**Exercise details:** Only the lines holding "VECTOR" are wanted here; copy each from the listing.

**Data excerpts:**
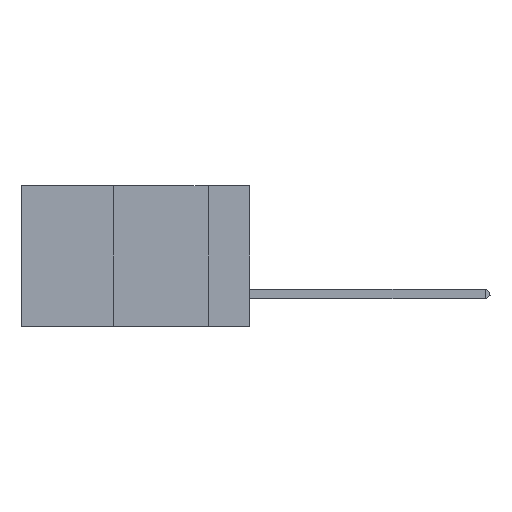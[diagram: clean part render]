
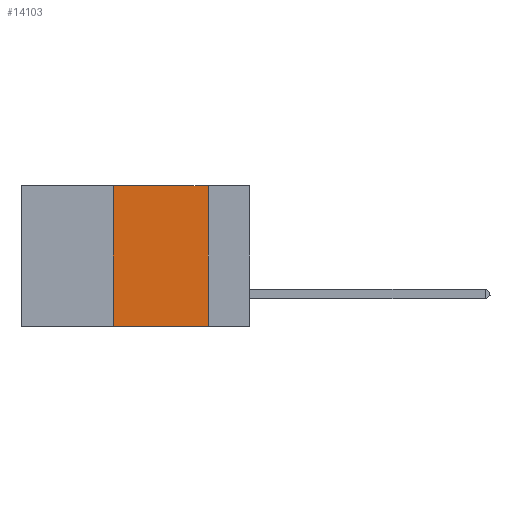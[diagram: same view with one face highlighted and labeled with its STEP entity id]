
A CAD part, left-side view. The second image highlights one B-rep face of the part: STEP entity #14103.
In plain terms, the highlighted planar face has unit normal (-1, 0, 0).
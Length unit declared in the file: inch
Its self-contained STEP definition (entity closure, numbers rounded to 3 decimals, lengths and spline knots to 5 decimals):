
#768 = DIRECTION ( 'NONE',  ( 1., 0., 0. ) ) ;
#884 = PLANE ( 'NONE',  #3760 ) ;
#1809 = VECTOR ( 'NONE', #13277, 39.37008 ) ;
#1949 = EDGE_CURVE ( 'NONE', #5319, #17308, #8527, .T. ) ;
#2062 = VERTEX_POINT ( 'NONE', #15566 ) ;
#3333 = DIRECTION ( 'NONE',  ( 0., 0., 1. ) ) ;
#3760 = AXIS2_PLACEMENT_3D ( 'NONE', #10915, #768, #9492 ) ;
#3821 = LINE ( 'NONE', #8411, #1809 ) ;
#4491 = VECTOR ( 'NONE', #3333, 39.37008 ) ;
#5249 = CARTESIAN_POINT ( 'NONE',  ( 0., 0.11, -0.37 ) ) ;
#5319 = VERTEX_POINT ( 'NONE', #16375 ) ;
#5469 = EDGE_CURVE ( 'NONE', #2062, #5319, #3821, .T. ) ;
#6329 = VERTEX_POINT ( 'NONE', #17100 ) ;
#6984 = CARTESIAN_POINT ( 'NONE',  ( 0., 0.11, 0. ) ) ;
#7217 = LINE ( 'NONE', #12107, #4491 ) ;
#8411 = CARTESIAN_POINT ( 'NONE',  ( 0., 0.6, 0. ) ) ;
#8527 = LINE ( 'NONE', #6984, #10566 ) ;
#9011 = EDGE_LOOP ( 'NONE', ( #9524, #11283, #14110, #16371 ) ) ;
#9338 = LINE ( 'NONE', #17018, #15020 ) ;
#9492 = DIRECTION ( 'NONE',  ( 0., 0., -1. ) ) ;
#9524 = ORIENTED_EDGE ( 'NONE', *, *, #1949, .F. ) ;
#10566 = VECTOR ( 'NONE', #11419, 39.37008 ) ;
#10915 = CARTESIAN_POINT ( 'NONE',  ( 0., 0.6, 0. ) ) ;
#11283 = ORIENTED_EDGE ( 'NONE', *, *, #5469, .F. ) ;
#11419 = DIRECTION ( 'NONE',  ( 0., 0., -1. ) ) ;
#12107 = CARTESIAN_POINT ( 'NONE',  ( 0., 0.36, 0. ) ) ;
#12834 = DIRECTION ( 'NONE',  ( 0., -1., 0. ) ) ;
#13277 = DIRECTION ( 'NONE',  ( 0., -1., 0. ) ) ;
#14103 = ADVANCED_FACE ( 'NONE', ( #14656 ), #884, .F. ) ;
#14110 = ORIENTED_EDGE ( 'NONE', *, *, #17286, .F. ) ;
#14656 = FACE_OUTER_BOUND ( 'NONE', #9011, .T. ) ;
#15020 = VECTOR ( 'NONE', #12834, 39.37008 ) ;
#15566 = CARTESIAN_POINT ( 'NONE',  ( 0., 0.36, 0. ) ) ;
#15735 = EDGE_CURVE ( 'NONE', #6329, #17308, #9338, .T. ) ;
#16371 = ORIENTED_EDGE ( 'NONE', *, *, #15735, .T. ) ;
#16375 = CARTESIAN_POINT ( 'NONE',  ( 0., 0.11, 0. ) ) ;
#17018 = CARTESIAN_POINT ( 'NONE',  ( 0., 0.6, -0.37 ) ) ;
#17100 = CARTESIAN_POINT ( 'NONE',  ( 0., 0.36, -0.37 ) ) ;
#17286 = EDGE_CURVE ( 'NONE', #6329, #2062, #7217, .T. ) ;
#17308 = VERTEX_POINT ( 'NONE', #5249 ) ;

**Response box:**
#1809 = VECTOR ( 'NONE', #13277, 39.37008 ) ;
#4491 = VECTOR ( 'NONE', #3333, 39.37008 ) ;
#10566 = VECTOR ( 'NONE', #11419, 39.37008 ) ;
#15020 = VECTOR ( 'NONE', #12834, 39.37008 ) ;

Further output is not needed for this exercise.